After World War II, on 15 June 1945, Gustav Baumhoefer founded in his home town Versmold a shoe factory that was specialized on men's shoes and boots. First producing on the premisses of the Metall und Leder company a new main building with a factory hall was set up in 1949. The brand name was "Ravensberger Schuhe" and became widely known. In 1957 he expanded briefly by acquiring a second production facility as separate company in Werl-Aspe, Schoetmar, today Bad Salzuflen. In the late 1970s due to changes in the world market and an increasing pressure by import of shoes, the company became unprofitable. A year after his death the factory was shut down, and only a shoe retail shop originally connected with the factory continued to operate until the 1990s.

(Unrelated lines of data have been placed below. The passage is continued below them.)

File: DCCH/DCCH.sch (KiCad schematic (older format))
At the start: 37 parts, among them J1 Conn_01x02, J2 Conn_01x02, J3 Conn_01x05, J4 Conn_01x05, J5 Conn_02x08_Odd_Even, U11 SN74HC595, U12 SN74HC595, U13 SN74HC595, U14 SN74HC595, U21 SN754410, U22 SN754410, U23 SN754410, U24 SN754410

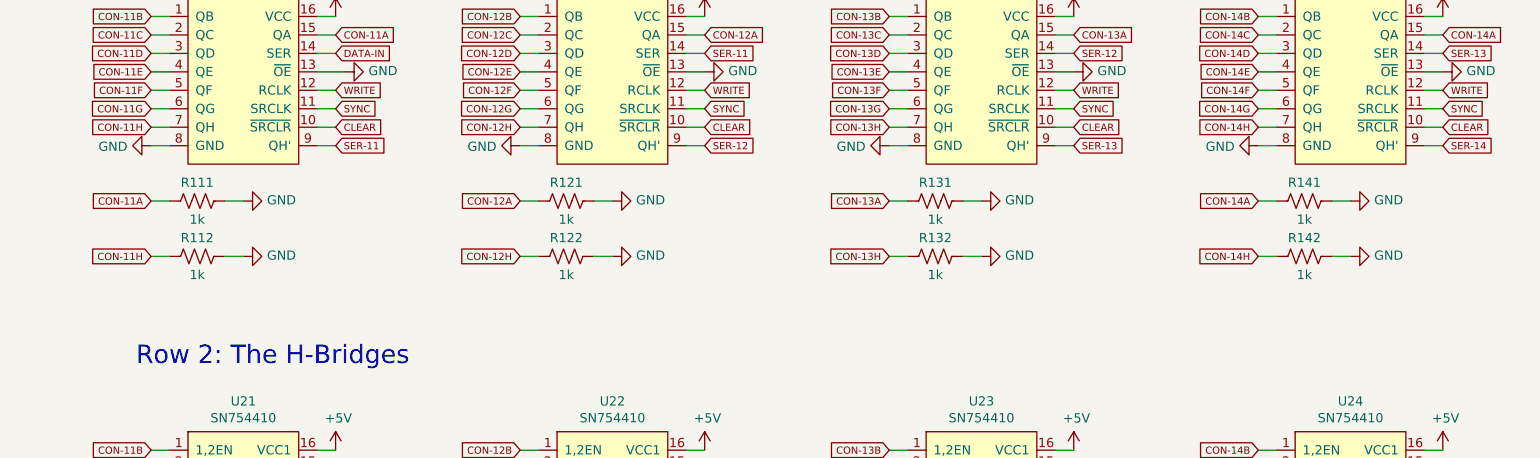
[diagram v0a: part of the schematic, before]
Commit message: Rewired everything. Removed the resistors. Now the control bit pattern for the shift registers makes sense.
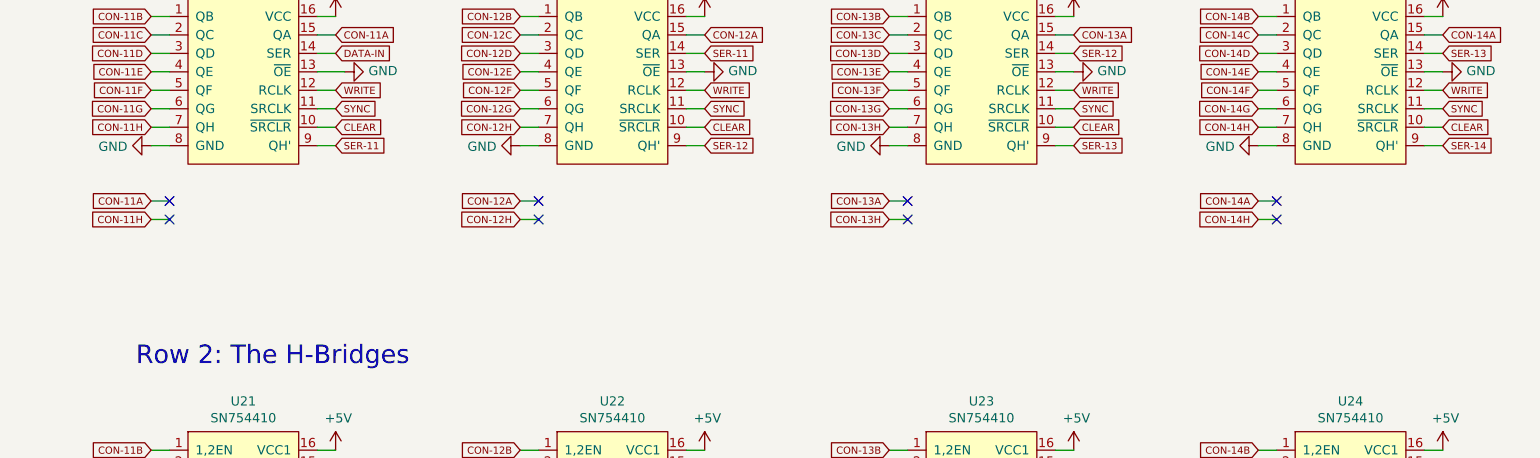
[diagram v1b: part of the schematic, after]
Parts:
- removed R111, R112, R121, R122, R131, R132, R141, R142: 1k, Resistor_THT:R_Axial_DIN0204_L3.6mm_D1.6mm_P5.08mm_Horizontal, symbol Device:R_US
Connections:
- no-connect marks 0 -> 8
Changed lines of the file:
@@
 Text GLabel 3300 2600 0    39   Input ~ 0
 CON-12A
-Text GLabel 3300 2900 0    39   Input ~ 0
+Text GLabel 3300 2700 0    39   Input ~ 0
 CON-12H
-$Comp
-L power:GND #PWR0151
-U 1 1 5F1FD99A
-P 3800 2600
-F 0 "#PWR0151" H 3800 2350 50  0001 C CNN
-F 1 "GND" V 3805 2472 50  0000 R CNN
-F 2 "" H 3800 2600 50  0001 C CNN
-F 3 "" H 3800 2600 50  0001 C CNN
-	1    3800 2600
-	0    -1   -1   0
-$EndComp
-Wire Wire Line
-	3700 2600 3800 2600
 Wire Wire Line
 	3300 2600 3400 2600
-$Comp
-L power:GND #PWR0150
-U 1 1 5F5CB761
-P 3800 2900
-F 0 "#PWR0150" H 3800 2650 50  0001 C CNN
-F 1 "GND" V 3805 2772 50  0000 R CNN
-F 2 "" H 3800 2900 50  0001 C CNN
-F 3 "" H 3800 2900 50  0001 C CNN
-	1    3800 2900
-	0    -1   -1   0
-$EndComp
-Wire Wire Line
-	3700 2900 3800 2900
-$Comp
-L Device:R_US R122
-U 1 1 5F5CB768
-P 3550 2900
-F 0 "R122" V 3450 2900 50  0000 C CNN
-F 1 "1k" V 3650 2900 50  0000 C CNN
-F 2 "Resistor_THT:R_Axial_DIN0204_L3.6mm_D1.6mm_P5.08mm_Horizontal" V 3590 2890 50  0001 C CNN
-F 3 "~" H 3550 2900 50  0001 C CNN
-	1    3550 2900
-	0    1    1    0
-$EndComp
-Wire Wire Line
-	3300 2900 3400 2900
+Wire Wire Line
+	3300 2700 3400 2700
 Text GLabel 1300 2600 0    39   Input ~ 0
 CON-11A
-Text GLabel 1300 2900 0    39   Input ~ 0
+Text GLabel 1300 2700 0    39   Input ~ 0
 CON-11H
-$Comp
-L power:GND #PWR0152
-U 1 1 5F6A8AEF
-P 1800 2600
-F 0 "#PWR0152" H 1800 2350 50  0001 C CNN
-F 1 "GND" V 1805 2472 50  0000 R CNN
-F 2 "" H 1800 2600 50  0001 C CNN
-F 3 "" H 1800 2600 50  0001 C CNN
-	1    1800 2600
-	0    -1   -1   0
-$EndComp
-Wire Wire Line
-	1700 2600 1800 2600
 Wire Wire Line
 	1300 2600 1400 2600
 Wire Wire Line
-	1300 2900 1400 2900
+	1300 2700 1400 2700
 Text GLabel 5300 2600 0    39   Input ~ 0
 CON-13A
-Text GLabel 5300 2900 0    39   Input ~ 0
+Text GLabel 5300 2700 0    39   Input ~ 0
 CON-13H
-$Comp
-L power:GND #PWR0154
-U 1 1 5F6BEDED
-P 5800 2600
-F 0 "#PWR0154" H 5800 2350 50  0001 C CNN
-F 1 "GND" V 5805 2472 50  0000 R CNN
-F 2 "" H 5800 2600 50  0001 C CNN
-F 3 "" H 5800 2600 50  0001 C CNN
-	1    5800 2600
-	0    -1   -1   0
-$EndComp
-Wire Wire Line
-	5700 2600 5800 2600
-$Comp
-L Device:R_US R131
-U 1 1 5F6BEDF4
-P 5550 2600
-F 0 "R131" V 5450 2600 50  0000 C CNN
-F 1 "1k" V 5650 2600 50  0000 C CNN
-F 2 "Resistor_THT:R_Axial_DIN0204_L3.6mm_D1.6mm_P5.08mm_Horizontal" V 5590 2590 50  0001 C CNN
-F 3 "~" H 5550 2600 50  0001 C CNN
-	1    5550 2600
-	0    1    1    0
-$EndComp
 Wire Wire Line
 	5300 2600 5400 2600
-$Comp
-L power:GND #PWR0155
-U 1 1 5F6BEDFB
-P 5800 2900
-F 0 "#PWR0155" H 5800 2650 50  0001 C CNN
-F 1 "GND" V 5805 2772 50  0000 R CNN
-F 2 "" H 5800 2900 50  0001 C CNN
-F 3 "" H 5800 2900 50  0001 C CNN
-	1    5800 2900
-	0    -1   -1   0
-$EndComp
-Wire Wire Line
-	5700 2900 5800 2900
-$Comp
-L Device:R_US R132
-U 1 1 5F6BEE02
-P 5550 2900
-F 0 "R132" V 5450 2900 50  0000 C CNN
-F 1 "1k" V 5650 2900 50  0000 C CNN
-F 2 "Resistor_THT:R_Axial_DIN0204_L3.6mm_D1.6mm_P5.08mm_Horizontal" V 5590 2890 50  0001 C CNN
-F 3 "~" H 5550 2900 50  0001 C CNN
-	1    5550 2900
-	0    1    1    0
-$EndComp
-Wire Wire Line
-	5300 2900 5400 2900
+Wire Wire Line
+	5300 2700 5400 2700
 Text GLabel 7300 2600 0    39   Input ~ 0
 CON-14A
-Text GLabel 7300 2900 0    39   Input ~ 0
+Text GLabel 7300 2700 0    39   Input ~ 0
 CON-14H
-$Comp
-L power:GND #PWR0156
-U 1 1 5F6EC70B
-P 7800 2600
-F 0 "#PWR0156" H 7800 2350 50  0001 C CNN
-F 1 "GND" V 7805 2472 50  0000 R CNN
-F 2 "" H 7800 2600 50  0001 C CNN
-F 3 "" H 7800 2600 50  0001 C CNN
-	1    7800 2600
-	0    -1   -1   0
-$EndComp
-Wire Wire Line
-	7700 2600 7800 2600
-$Comp
-L Device:R_US R141
-U 1 1 5F6EC712
-P 7550 2600
-F 0 "R141" V 7450 2600 50  0000 C CNN
-F 1 "1k" V 7650 2600 50  0000 C CNN
-F 2 "Resistor_THT:R_Axial_DIN0204_L3.6mm_D1.6mm_P5.08mm_Horizontal" V 7590 2590 50  0001 C CNN
-F 3 "~" H 7550 2600 50  0001 C CNN
-	1    7550 2600
-	0    1    1    0
-$EndComp
 Wire Wire Line
 	7300 2600 7400 2600
-$Comp
-L power:GND #PWR0157
-U 1 1 5F6EC719
-P 7800 2900
-F 0 "#PWR0157" H 7800 2650 50  0001 C CNN
-F 1 "GND" V 7805 2772 50  0000 R CNN
-F 2 "" H 7800 2900 50  0001 C CNN
-F 3 "" H 7800 2900 50  0001 C CNN
-	1    7800 2900
-	0    -1   -1   0
-$EndComp
-Wire Wire Line
-	7700 2900 7800 2900
-$Comp
-L Device:R_US R142
-U 1 1 5F6EC720
-P 7550 2900
-F 0 "R142" V 7450 2900 50  0000 C CNN
-F 1 "1k" V 7650 2900 50  0000 C CNN
-F 2 "Resistor_THT:R_Axial_DIN0204_L3.6mm_D1.6mm_P5.08mm_Horizontal" V 7590 2890 50  0001 C CNN
-F 3 "~" H 7550 2900 50  0001 C CNN
-	1    7550 2900
-	0    1    1    0
-$EndComp
-Wire Wire Line
-	7300 2900 7400 2900
-$Comp
-L Device:R_US R121
-U 1 1 5F270496
-P 3550 2600
-F 0 "R121" V 3450 2600 50  0000 C CNN
-F 1 "1k" V 3650 2600 50  0000 C CNN
-F 2 "Resistor_THT:R_Axial_DIN0204_L3.6mm_D1.6mm_P5.08mm_Horizontal" V 3590 2590 50  0001 C CNN
-F 3 "~" H 3550 2600 50  0001 C CNN
-	1    3550 2600
-	0    1    1    0
-$EndComp
-$Comp
-L Device:R_US R111
-U 1 1 5F6A8AF6
-P 1550 2600
-F 0 "R111" V 1450 2600 50  0000 C CNN
-F 1 "1k" V 1650 2600 50  0000 C CNN
-F 2 "Resistor_THT:R_Axial_DIN0204_L3.6mm_D1.6mm_P5.08mm_Horizontal" V 1590 2590 50  0001 C CNN
-F 3 "~" H 1550 2600 50  0001 C CNN
-	1    1550 2600
-	0    1    1    0
-$EndComp
-$Comp
-L Device:R_US R112
-U 1 1 5F6A8B04
-P 1550 2900
-F 0 "R112" V 1450 2900 50  0000 C CNN
-F 1 "1k" V 1650 2900 50  0000 C CNN
-F 2 "Resistor_THT:R_Axial_DIN0204_L3.6mm_D1.6mm_P5.08mm_Horizontal" V 1590 2890 50  0001 C CNN
-F 3 "~" H 1550 2900 50  0001 C CNN
-	1    1550 2900
-	0    1    1    0
-$EndComp
-Wire Wire Line
-	1700 2900 1800 2900
-$Comp
-L power:GND #PWR0153
-U 1 1 5F6A8AFD
-P 1800 2900
-F 0 "#PWR0153" H 1800 2650 50  0001 C CNN
-F 1 "GND" V 1805 2772 50  0000 R CNN
-F 2 "" H 1800 2900 50  0001 C CNN
-F 3 "" H 1800 2900 50  0001 C CNN
-	1    1800 2900
-	0    -1   -1   0
-$EndComp
+Wire Wire Line
+	7300 2700 7400 2700
 Text Notes 2700 3500 2    100  ~ 0
 Row 2: The H-Bridges
@@
 Text GLabel 8300 4050 2    39   Input ~ 0
 CON-14G
+NoConn ~ 1400 2600
+NoConn ~ 1400 2700
+NoConn ~ 3400 2600
+NoConn ~ 3400 2700
+NoConn ~ 5400 2600
+NoConn ~ 5400 2700
+NoConn ~ 7400 2600
+NoConn ~ 7400 2700
 $EndSCHEMATC

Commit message: Fixed WRITE and SYNC pins, as they were mixed up.
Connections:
- net SYNC: now also J3.2 (Pin_2), J4.2 (Pin_2), U11.12 (RCLK), U12.12 (RCLK), U13.12 (RCLK), U14.12 (RCLK); no longer J3.3 (Pin_3), J4.3 (Pin_3), U11.11 (SRCLK), U12.11 (SRCLK), U13.11 (SRCLK), U14.11 (SRCLK)
- net WRITE: now also J3.3 (Pin_3), J4.3 (Pin_3), U11.11 (SRCLK), U12.11 (SRCLK), U13.11 (SRCLK), U14.11 (SRCLK); no longer J3.2 (Pin_2), J4.2 (Pin_2), U11.12 (RCLK), U12.12 (RCLK), U13.12 (RCLK), U14.12 (RCLK)
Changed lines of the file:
@@
 Text GLabel 10050 2850 0    39   Input ~ 0
 CLEAR
+Text GLabel 10050 2650 0    39   Input ~ 0
+SYNC
 Text GLabel 10050 2750 0    39   Input ~ 0
-SYNC
-Text GLabel 10050 2650 0    39   Input ~ 0
 WRITE
 Text GLabel 10050 2550 0    39   Input ~ 0
@@
 Text GLabel 10050 3850 0    39   Input ~ 0
 CLEAR
+Text GLabel 10050 3650 0    39   Input ~ 0
+SYNC
 Text GLabel 10050 3750 0    39   Input ~ 0
-SYNC
-Text GLabel 10050 3650 0    39   Input ~ 0
 WRITE
 $Comp
@@
 Wire Wire Line
 	6200 2000 6300 2000
+Text GLabel 6300 2100 2    39   Input ~ 0
+WRITE
 Text GLabel 6300 2000 2    39   Input ~ 0
-WRITE
-Text GLabel 6300 2100 2    39   Input ~ 0
 SYNC
 Text GLabel 6300 2200 2    39   Input ~ 0
@@
 Wire Wire Line
 	4200 2000 4300 2000
+Text GLabel 4300 2100 2    39   Input ~ 0
+WRITE
 Text GLabel 4300 2000 2    39   Input ~ 0
-WRITE
-Text GLabel 4300 2100 2    39   Input ~ 0
 SYNC
 Text GLabel 4300 2200 2    39   Input ~ 0
@@
 Text GLabel 2300 1800 2    39   Input ~ 0
 DATA-IN
+Text GLabel 2300 2100 2    39   Input ~ 0
+WRITE
 Text GLabel 2300 2000 2    39   Input ~ 0
-WRITE
-Text GLabel 2300 2100 2    39   Input ~ 0
 SYNC
 Text GLabel 2300 2200 2    39   Input ~ 0
@@
 Wire Wire Line
 	8200 2000 8300 2000
+Text GLabel 8300 2100 2    39   Input ~ 0
+WRITE
 Text GLabel 8300 2000 2    39   Input ~ 0
-WRITE
-Text GLabel 8300 2100 2    39   Input ~ 0
 SYNC
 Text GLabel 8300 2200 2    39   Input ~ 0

The factory's main building of 1949 and its later extension of a sewing hall from the mid 1950s are still standing in Versmold. Its architecture is almost the last surviving witness for the city's proud economic blossoming after World War II. Since 1982 the complex served different purposes, as printing factory, as wine depot, and thrift store. In March 2015 it was announced that the main building and factory hall of 'Baumhoefer' will be used as a first respond shelter for arriving asylum applicants. Between August 2015 and March 2016 it served up to 180 refugees at the same time. Currently it is the home for a number of refugee families. The re-purposing caused serious interventions into the historical substance of the building.